2. The set of optical lenses of claim 1, wherein the maximum field angle FOV of the set of optical lenses satisfies: FOV > 120.

3. The optical lens group of claim 1, wherein an effective focal length f of the optical lens group and an entrance pupil diameter EPD of the optical lens group satisfy: f/EPD is less than or equal to 3.0.

4. The optical lens assembly of claim 1, wherein an on-axis distance TTL from a surface of the first lens element near the incident side to the imaging surface to a half ImgH of a diagonal length of an effective pixel area on the imaging surface satisfies: TTL/ImgH is less than or equal to 1.7.

5. The set of optical lenses of claim 1, wherein a center thickness CT5 of the fifth lens on the optical axis and an on-axis distance SAG52 from an intersection of the exit-side surface of the fifth lens and the optical axis to an effective radius vertex of the exit-side surface of the fifth lens satisfy: 2.0 < CT5/SAG52 < -1.5.

6. The set of optical lenses of claim 1, wherein a radius of curvature R11 of the surface of the sixth lens closer to the entrance side and a radius of curvature R12 of the surface of the sixth lens closer to the exit side satisfy: 4.0 < (R11+ R12)/(R11-R12) < 7.0.

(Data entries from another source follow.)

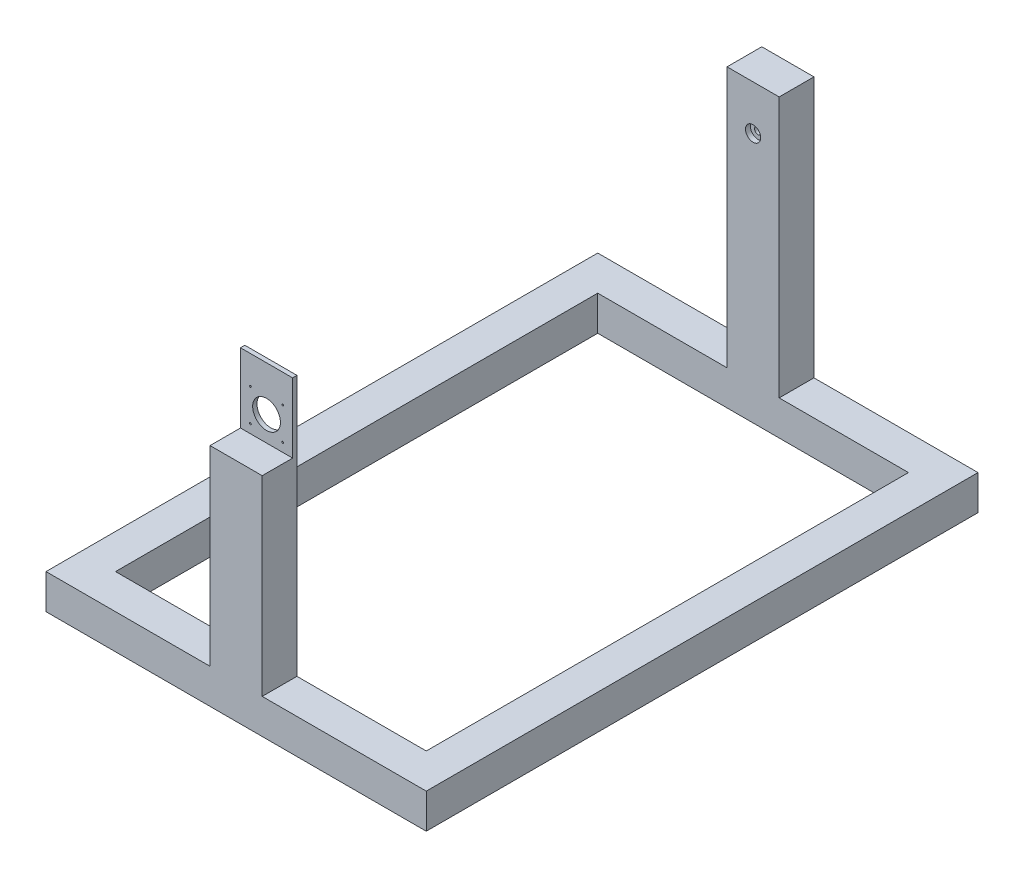
ISO-10303-21;
HEADER;
FILE_DESCRIPTION(('STEP AP214'),'2;1');
FILE_NAME('part.step','',(''),(''),'','','');
FILE_SCHEMA(('AUTOMOTIVE_DESIGN { 1 0 10303 214 1 1 1 1 }'));
ENDSEC;
DATA;
#1=APPLICATION_CONTEXT('core data for automotive mechanical design processes');
#2=APPLICATION_PROTOCOL_DEFINITION('international standard','automotive_design',2000,#1);
#3=PRODUCT_CONTEXT('',#1,'mechanical');
#4=PRODUCT('Part','Part','',(#3));
#5=PRODUCT_RELATED_PRODUCT_CATEGORY('part','',(#4));
#6=PRODUCT_DEFINITION_FORMATION('','',#4);
#7=PRODUCT_DEFINITION_CONTEXT('part definition',#1,'design');
#8=PRODUCT_DEFINITION('design','',#6,#7);
#9=PRODUCT_DEFINITION_SHAPE('','',#8);
#10=(LENGTH_UNIT() NAMED_UNIT(*) SI_UNIT(.MILLI.,.METRE.));
#11=(NAMED_UNIT(*) PLANE_ANGLE_UNIT() SI_UNIT($,.RADIAN.));
#12=(NAMED_UNIT(*) SI_UNIT($,.STERADIAN.) SOLID_ANGLE_UNIT());
#13=UNCERTAINTY_MEASURE_WITH_UNIT(LENGTH_MEASURE(1.E-05),#10,'distance_accuracy_value','');
#14=(GEOMETRIC_REPRESENTATION_CONTEXT(3) GLOBAL_UNCERTAINTY_ASSIGNED_CONTEXT((#13)) GLOBAL_UNIT_ASSIGNED_CONTEXT((#10,
#11,#12)) REPRESENTATION_CONTEXT('',''));
#15=CARTESIAN_POINT('',(0.,0.,0.));
#16=DIRECTION('',(0.,0.,1.));
#17=DIRECTION('',(1.,0.,0.));
#18=AXIS2_PLACEMENT_3D('',#15,#16,#17);
#19=CARTESIAN_POINT('',(0.,50.8,0.));
#20=DIRECTION('',(0.,1.,0.));
#21=DIRECTION('',(0.,0.,1.));
#22=AXIS2_PLACEMENT_3D('',#19,#20,#21);
#23=PLANE('',#22);
#24=DIRECTION('',(-1.,0.,0.));
#25=VECTOR('',#24,1.);
#26=CARTESIAN_POINT('',(-227.099999952,50.8,25.4));
#27=LINE('',#26,#25);
#28=CARTESIAN_POINT('',(-38.1000000000001,50.8,25.4));
#29=VERTEX_POINT('',#28);
#30=CARTESIAN_POINT('',(-227.099999952,50.8,25.4));
#31=VERTEX_POINT('',#30);
#32=EDGE_CURVE('E246',#29,#31,#27,.T.);
#33=ORIENTED_EDGE('',*,*,#32,.F.);
#34=DIRECTION('',(0.,0.,1.));
#35=VECTOR('',#34,1.);
#36=CARTESIAN_POINT('',(-38.1,50.8,-25.4));
#37=LINE('',#36,#35);
#38=CARTESIAN_POINT('',(-38.1,50.8,-25.4));
#39=VERTEX_POINT('',#38);
#40=EDGE_CURVE('E61',#39,#29,#37,.T.);
#41=ORIENTED_EDGE('',*,*,#40,.F.);
#42=DIRECTION('',(-1.,0.,0.));
#43=VECTOR('',#42,1.);
#44=CARTESIAN_POINT('',(-277.899999952,50.8,-25.4));
#45=LINE('',#44,#43);
#46=CARTESIAN_POINT('',(-277.899999952,50.8,-25.4));
#47=VERTEX_POINT('',#46);
#48=EDGE_CURVE('E279',#39,#47,#45,.T.);
#49=ORIENTED_EDGE('',*,*,#48,.T.);
#50=DIRECTION('',(0.,0.,1.));
#51=VECTOR('',#50,1.);
#52=CARTESIAN_POINT('',(-277.899999952,50.8,-25.4));
#53=LINE('',#52,#51);
#54=CARTESIAN_POINT('',(-277.899999952,50.8,781.048240034));
#55=VERTEX_POINT('',#54);
#56=EDGE_CURVE('E271',#47,#55,#53,.T.);
#57=ORIENTED_EDGE('',*,*,#56,.T.);
#58=DIRECTION('',(1.,0.,0.));
#59=VECTOR('',#58,1.);
#60=CARTESIAN_POINT('',(-277.899999952,50.8,781.048240034));
#61=LINE('',#60,#59);
#62=CARTESIAN_POINT('',(-38.1,50.8,781.048240034001));
#63=VERTEX_POINT('',#62);
#64=EDGE_CURVE('E275',#55,#63,#61,.T.);
#65=ORIENTED_EDGE('',*,*,#64,.T.);
#66=DIRECTION('',(0.,0.,1.));
#67=VECTOR('',#66,1.);
#68=CARTESIAN_POINT('',(-38.1,50.8,730.248240034));
#69=LINE('',#68,#67);
#70=CARTESIAN_POINT('',(-38.1,50.8,730.248240034));
#71=VERTEX_POINT('',#70);
#72=EDGE_CURVE('E214',#71,#63,#69,.T.);
#73=ORIENTED_EDGE('',*,*,#72,.F.);
#74=DIRECTION('',(1.,0.,0.));
#75=VECTOR('',#74,1.);
#76=CARTESIAN_POINT('',(227.099999952,50.8,730.248240034));
#77=LINE('',#76,#75);
#78=CARTESIAN_POINT('',(-227.099999952,50.8,730.248240034));
#79=VERTEX_POINT('',#78);
#80=EDGE_CURVE('E240',#79,#71,#77,.T.);
#81=ORIENTED_EDGE('',*,*,#80,.F.);
#82=DIRECTION('',(0.,0.,1.));
#83=VECTOR('',#82,1.);
#84=CARTESIAN_POINT('',(-227.099999952,50.8,25.4));
#85=LINE('',#84,#83);
#86=EDGE_CURVE('E236',#31,#79,#85,.T.);
#87=ORIENTED_EDGE('',*,*,#86,.F.);
#88=EDGE_LOOP('',(#33,#41,#49,#57,#65,#73,#81,#87));
#89=FACE_BOUND('',#88,.T.);
#90=ADVANCED_FACE('F37',(#89),#23,.T.);
#91=CARTESIAN_POINT('',(277.899999952,50.8,-25.4));
#92=VERTEX_POINT('',#91);
#93=CARTESIAN_POINT('',(38.1,50.8,-25.4));
#94=VERTEX_POINT('',#93);
#95=EDGE_CURVE('E280',#92,#94,#45,.T.);
#96=ORIENTED_EDGE('',*,*,#95,.T.);
#97=DIRECTION('',(0.,0.,-1.));
#98=VECTOR('',#97,1.);
#99=CARTESIAN_POINT('',(38.1,50.8,-25.4));
#100=LINE('',#99,#98);
#101=CARTESIAN_POINT('',(38.1,50.8,25.4));
#102=VERTEX_POINT('',#101);
#103=EDGE_CURVE('E190',#102,#94,#100,.T.);
#104=ORIENTED_EDGE('',*,*,#103,.F.);
#105=CARTESIAN_POINT('',(227.099999952,50.8,25.4));
#106=VERTEX_POINT('',#105);
#107=EDGE_CURVE('E247',#106,#102,#27,.T.);
#108=ORIENTED_EDGE('',*,*,#107,.F.);
#109=DIRECTION('',(0.,0.,-1.));
#110=VECTOR('',#109,1.);
#111=CARTESIAN_POINT('',(227.099999952,50.8,25.4));
#112=LINE('',#111,#110);
#113=CARTESIAN_POINT('',(227.099999952,50.8,730.248240034));
#114=VERTEX_POINT('',#113);
#115=EDGE_CURVE('E243',#114,#106,#112,.T.);
#116=ORIENTED_EDGE('',*,*,#115,.F.);
#117=CARTESIAN_POINT('',(38.1,50.8,730.248240034));
#118=VERTEX_POINT('',#117);
#119=EDGE_CURVE('E238',#118,#114,#77,.T.);
#120=ORIENTED_EDGE('',*,*,#119,.F.);
#121=DIRECTION('',(0.,0.,-1.));
#122=VECTOR('',#121,1.);
#123=CARTESIAN_POINT('',(38.1,50.8,730.248240034));
#124=LINE('',#123,#122);
#125=CARTESIAN_POINT('',(38.1,50.8,781.048240034001));
#126=VERTEX_POINT('',#125);
#127=EDGE_CURVE('E217',#126,#118,#124,.T.);
#128=ORIENTED_EDGE('',*,*,#127,.F.);
#129=CARTESIAN_POINT('',(277.899999952,50.8,781.048240034));
#130=VERTEX_POINT('',#129);
#131=EDGE_CURVE('E273',#126,#130,#61,.T.);
#132=ORIENTED_EDGE('',*,*,#131,.T.);
#133=DIRECTION('',(0.,0.,-1.));
#134=VECTOR('',#133,1.);
#135=CARTESIAN_POINT('',(277.899999952,50.8,25.4));
#136=LINE('',#135,#134);
#137=EDGE_CURVE('E277',#130,#92,#136,.T.);
#138=ORIENTED_EDGE('',*,*,#137,.T.);
#139=EDGE_LOOP('',(#96,#104,#108,#116,#120,#128,#132,#138));
#140=FACE_BOUND('',#139,.T.);
#141=ADVANCED_FACE('F326',(#140),#23,.T.);
#142=CARTESIAN_POINT('',(0.,0.,0.));
#143=DIRECTION('',(0.,1.,0.));
#144=DIRECTION('',(0.,0.,1.));
#145=AXIS2_PLACEMENT_3D('',#142,#143,#144);
#146=PLANE('',#145);
#147=DIRECTION('',(0.,0.,1.));
#148=VECTOR('',#147,1.);
#149=CARTESIAN_POINT('',(-277.899999952,0.,25.4));
#150=LINE('',#149,#148);
#151=CARTESIAN_POINT('',(-277.899999952,0.,-25.4));
#152=VERTEX_POINT('',#151);
#153=CARTESIAN_POINT('',(-277.899999952,0.,781.048240034));
#154=VERTEX_POINT('',#153);
#155=EDGE_CURVE('E270',#152,#154,#150,.T.);
#156=ORIENTED_EDGE('',*,*,#155,.F.);
#157=DIRECTION('',(-1.,0.,0.));
#158=VECTOR('',#157,1.);
#159=CARTESIAN_POINT('',(-277.899999952,0.,-25.4));
#160=LINE('',#159,#158);
#161=CARTESIAN_POINT('',(277.899999952,0.,-25.4));
#162=VERTEX_POINT('',#161);
#163=EDGE_CURVE('E274',#162,#152,#160,.T.);
#164=ORIENTED_EDGE('',*,*,#163,.F.);
#165=DIRECTION('',(0.,0.,-1.));
#166=VECTOR('',#165,1.);
#167=CARTESIAN_POINT('',(277.899999952,0.,-25.4));
#168=LINE('',#167,#166);
#169=CARTESIAN_POINT('',(277.899999952,0.,781.048240034));
#170=VERTEX_POINT('',#169);
#171=EDGE_CURVE('E289',#170,#162,#168,.T.);
#172=ORIENTED_EDGE('',*,*,#171,.F.);
#173=DIRECTION('',(1.,0.,0.));
#174=VECTOR('',#173,1.);
#175=CARTESIAN_POINT('',(277.899999952,0.,781.048240034));
#176=LINE('',#175,#174);
#177=EDGE_CURVE('E286',#154,#170,#176,.T.);
#178=ORIENTED_EDGE('',*,*,#177,.F.);
#179=EDGE_LOOP('',(#156,#164,#172,#178));
#180=FACE_BOUND('',#179,.T.);
#181=DIRECTION('',(0.,0.,1.));
#182=VECTOR('',#181,1.);
#183=CARTESIAN_POINT('',(-227.099999952,0.,25.4));
#184=LINE('',#183,#182);
#185=CARTESIAN_POINT('',(-227.099999952,0.,25.4));
#186=VERTEX_POINT('',#185);
#187=CARTESIAN_POINT('',(-227.099999952,0.,730.248240034));
#188=VERTEX_POINT('',#187);
#189=EDGE_CURVE('E235',#186,#188,#184,.T.);
#190=ORIENTED_EDGE('',*,*,#189,.T.);
#191=DIRECTION('',(1.,0.,0.));
#192=VECTOR('',#191,1.);
#193=CARTESIAN_POINT('',(227.099999952,0.,730.248240034));
#194=LINE('',#193,#192);
#195=CARTESIAN_POINT('',(227.099999952,0.,730.248240034));
#196=VERTEX_POINT('',#195);
#197=EDGE_CURVE('E253',#188,#196,#194,.T.);
#198=ORIENTED_EDGE('',*,*,#197,.T.);
#199=DIRECTION('',(0.,0.,-1.));
#200=VECTOR('',#199,1.);
#201=CARTESIAN_POINT('',(227.099999952,0.,25.4));
#202=LINE('',#201,#200);
#203=CARTESIAN_POINT('',(227.099999952,0.,25.4));
#204=VERTEX_POINT('',#203);
#205=EDGE_CURVE('E256',#196,#204,#202,.T.);
#206=ORIENTED_EDGE('',*,*,#205,.T.);
#207=DIRECTION('',(-1.,0.,0.));
#208=VECTOR('',#207,1.);
#209=CARTESIAN_POINT('',(-227.099999952,0.,25.4));
#210=LINE('',#209,#208);
#211=EDGE_CURVE('E239',#204,#186,#210,.T.);
#212=ORIENTED_EDGE('',*,*,#211,.T.);
#213=EDGE_LOOP('',(#190,#198,#206,#212));
#214=FACE_BOUND('',#213,.T.);
#215=ADVANCED_FACE('F311',(#180,#214),#146,.F.);
#216=CARTESIAN_POINT('',(-277.899999952,50.8,25.4));
#217=DIRECTION('',(1.,0.,0.));
#218=DIRECTION('',(0.,0.,-1.));
#219=AXIS2_PLACEMENT_3D('',#216,#217,#218);
#220=PLANE('',#219);
#221=ORIENTED_EDGE('',*,*,#155,.T.);
#222=DIRECTION('',(0.,-1.,0.));
#223=VECTOR('',#222,1.);
#224=CARTESIAN_POINT('',(-277.899999952,50.8,781.048240034));
#225=LINE('',#224,#223);
#226=EDGE_CURVE('E11',#55,#154,#225,.T.);
#227=ORIENTED_EDGE('',*,*,#226,.F.);
#228=ORIENTED_EDGE('',*,*,#56,.F.);
#229=DIRECTION('',(0.,-1.,0.));
#230=VECTOR('',#229,1.);
#231=CARTESIAN_POINT('',(-277.899999952,50.8,-25.4));
#232=LINE('',#231,#230);
#233=EDGE_CURVE('E283',#47,#152,#232,.T.);
#234=ORIENTED_EDGE('',*,*,#233,.T.);
#235=EDGE_LOOP('',(#221,#227,#228,#234));
#236=FACE_BOUND('',#235,.T.);
#237=ADVANCED_FACE('F39',(#236),#220,.F.);
#238=CARTESIAN_POINT('',(277.899999952,50.8,781.048240034));
#239=DIRECTION('',(0.,0.,-1.));
#240=DIRECTION('',(-1.,0.,0.));
#241=AXIS2_PLACEMENT_3D('',#238,#239,#240);
#242=PLANE('',#241);
#243=ORIENTED_EDGE('',*,*,#177,.T.);
#244=DIRECTION('',(0.,-1.,0.));
#245=VECTOR('',#244,1.);
#246=CARTESIAN_POINT('',(277.899999952,50.8,781.048240034));
#247=LINE('',#246,#245);
#248=EDGE_CURVE('E46',#130,#170,#247,.T.);
#249=ORIENTED_EDGE('',*,*,#248,.F.);
#250=ORIENTED_EDGE('',*,*,#131,.F.);
#251=DIRECTION('',(0.,-1.,0.));
#252=VECTOR('',#251,1.);
#253=CARTESIAN_POINT('',(38.1,330.2,781.048240034));
#254=LINE('',#253,#252);
#255=CARTESIAN_POINT('',(38.1,330.2,781.048240034));
#256=VERTEX_POINT('',#255);
#257=EDGE_CURVE('E229',#256,#126,#254,.T.);
#258=ORIENTED_EDGE('',*,*,#257,.F.);
#259=DIRECTION('',(1.,0.,0.));
#260=VECTOR('',#259,1.);
#261=CARTESIAN_POINT('',(-38.1,330.2,781.048240034));
#262=LINE('',#261,#260);
#263=CARTESIAN_POINT('',(-38.1,330.2,781.048240034));
#264=VERTEX_POINT('',#263);
#265=EDGE_CURVE('E216',#264,#256,#262,.T.);
#266=ORIENTED_EDGE('',*,*,#265,.F.);
#267=DIRECTION('',(0.,-1.,0.));
#268=VECTOR('',#267,1.);
#269=CARTESIAN_POINT('',(-38.1,330.2,781.048240034));
#270=LINE('',#269,#268);
#271=EDGE_CURVE('E232',#264,#63,#270,.T.);
#272=ORIENTED_EDGE('',*,*,#271,.T.);
#273=ORIENTED_EDGE('',*,*,#64,.F.);
#274=ORIENTED_EDGE('',*,*,#226,.T.);
#275=EDGE_LOOP('',(#243,#249,#250,#258,#266,#272,#273,#274));
#276=FACE_BOUND('',#275,.T.);
#277=ADVANCED_FACE('F306',(#276),#242,.F.);
#278=CARTESIAN_POINT('',(277.899999952,50.8,-25.4));
#279=DIRECTION('',(-1.,0.,0.));
#280=DIRECTION('',(0.,0.,1.));
#281=AXIS2_PLACEMENT_3D('',#278,#279,#280);
#282=PLANE('',#281);
#283=ORIENTED_EDGE('',*,*,#171,.T.);
#284=DIRECTION('',(0.,-1.,0.));
#285=VECTOR('',#284,1.);
#286=CARTESIAN_POINT('',(277.899999952,50.8,-25.4));
#287=LINE('',#286,#285);
#288=EDGE_CURVE('E295',#92,#162,#287,.T.);
#289=ORIENTED_EDGE('',*,*,#288,.F.);
#290=ORIENTED_EDGE('',*,*,#137,.F.);
#291=ORIENTED_EDGE('',*,*,#248,.T.);
#292=EDGE_LOOP('',(#283,#289,#290,#291));
#293=FACE_BOUND('',#292,.T.);
#294=ADVANCED_FACE('F302',(#293),#282,.F.);
#295=CARTESIAN_POINT('',(-277.899999952,50.8,-25.4));
#296=DIRECTION('',(0.,0.,1.));
#297=DIRECTION('',(1.,0.,0.));
#298=AXIS2_PLACEMENT_3D('',#295,#296,#297);
#299=PLANE('',#298);
#300=CARTESIAN_POINT('',(0.,366.47317231,-25.4));
#301=DIRECTION('',(0.,0.,1.));
#302=DIRECTION('',(1.,0.,0.));
#303=AXIS2_PLACEMENT_3D('',#300,#301,#302);
#304=CIRCLE('',#303,5.08000000000001);
#305=CARTESIAN_POINT('',(5.07999999999997,366.47317231,-25.4));
#306=VERTEX_POINT('',#305);
#307=EDGE_CURVE('E41',#306,#306,#304,.T.);
#308=ORIENTED_EDGE('',*,*,#307,.T.);
#309=EDGE_LOOP('',(#308));
#310=FACE_BOUND('',#309,.T.);
#311=ORIENTED_EDGE('',*,*,#163,.T.);
#312=ORIENTED_EDGE('',*,*,#233,.F.);
#313=ORIENTED_EDGE('',*,*,#48,.F.);
#314=DIRECTION('',(0.,-1.,0.));
#315=VECTOR('',#314,1.);
#316=CARTESIAN_POINT('',(-38.1,431.8,-25.4));
#317=LINE('',#316,#315);
#318=CARTESIAN_POINT('',(-38.1,431.8,-25.4));
#319=VERTEX_POINT('',#318);
#320=EDGE_CURVE('E203',#319,#39,#317,.T.);
#321=ORIENTED_EDGE('',*,*,#320,.F.);
#322=DIRECTION('',(-1.,0.,0.));
#323=VECTOR('',#322,1.);
#324=CARTESIAN_POINT('',(-38.1,431.8,-25.4));
#325=LINE('',#324,#323);
#326=CARTESIAN_POINT('',(38.1,431.8,-25.4));
#327=VERTEX_POINT('',#326);
#328=EDGE_CURVE('E202',#327,#319,#325,.T.);
#329=ORIENTED_EDGE('',*,*,#328,.F.);
#330=DIRECTION('',(0.,-1.,0.));
#331=VECTOR('',#330,1.);
#332=CARTESIAN_POINT('',(38.1,431.8,-25.4));
#333=LINE('',#332,#331);
#334=EDGE_CURVE('E207',#327,#94,#333,.T.);
#335=ORIENTED_EDGE('',*,*,#334,.T.);
#336=ORIENTED_EDGE('',*,*,#95,.F.);
#337=ORIENTED_EDGE('',*,*,#288,.T.);
#338=EDGE_LOOP('',(#311,#312,#313,#321,#329,#335,#336,#337));
#339=FACE_BOUND('',#338,.T.);
#340=ADVANCED_FACE('F319',(#310,#339),#299,.F.);
#341=CARTESIAN_POINT('',(-227.099999952,50.8,25.4));
#342=DIRECTION('',(1.,0.,0.));
#343=DIRECTION('',(0.,0.,-1.));
#344=AXIS2_PLACEMENT_3D('',#341,#342,#343);
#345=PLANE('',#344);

7. The optical lens set of claim 1, wherein a center thickness CT5 of the fifth lens on the optical axis and a center thickness CT6 of the sixth lens on the optical axis satisfy: 1.0 < CT5/CT6 < 2.0.

8. The set of optical lenses of claim 1, wherein an air space T12 on the optical axis for the first and second lenses, an air space T23 on the optical axis for the second and third lenses, an air space T34 on the optical axis for the third and fourth lenses, and an air space T45 on the optical axis for the fourth and fifth lenses satisfy: 1.5 < (T12+ T23)/(T34+ T45) < 3.0.

9. The set of optical lenses of claim 1, wherein an effective focal length f6 of the sixth lens element and a radius of curvature R11 of a face of the sixth lens element near the entrance side satisfy: 13.0 < f6/R11 < -5.5.

10. An optical lens assembly, comprising, in order from a light incident side to a light exiting side along an optical axis:

a diaphragm;

a third lens having an optical power;

a sixth lens having an optical power;

at least one of the first lens to the sixth lens is a glass aspheric lens; the effective focal length f of the optical lens group and the entrance pupil diameter EPD of the optical lens group meet the following requirements: f/EPD is less than or equal to 3.0.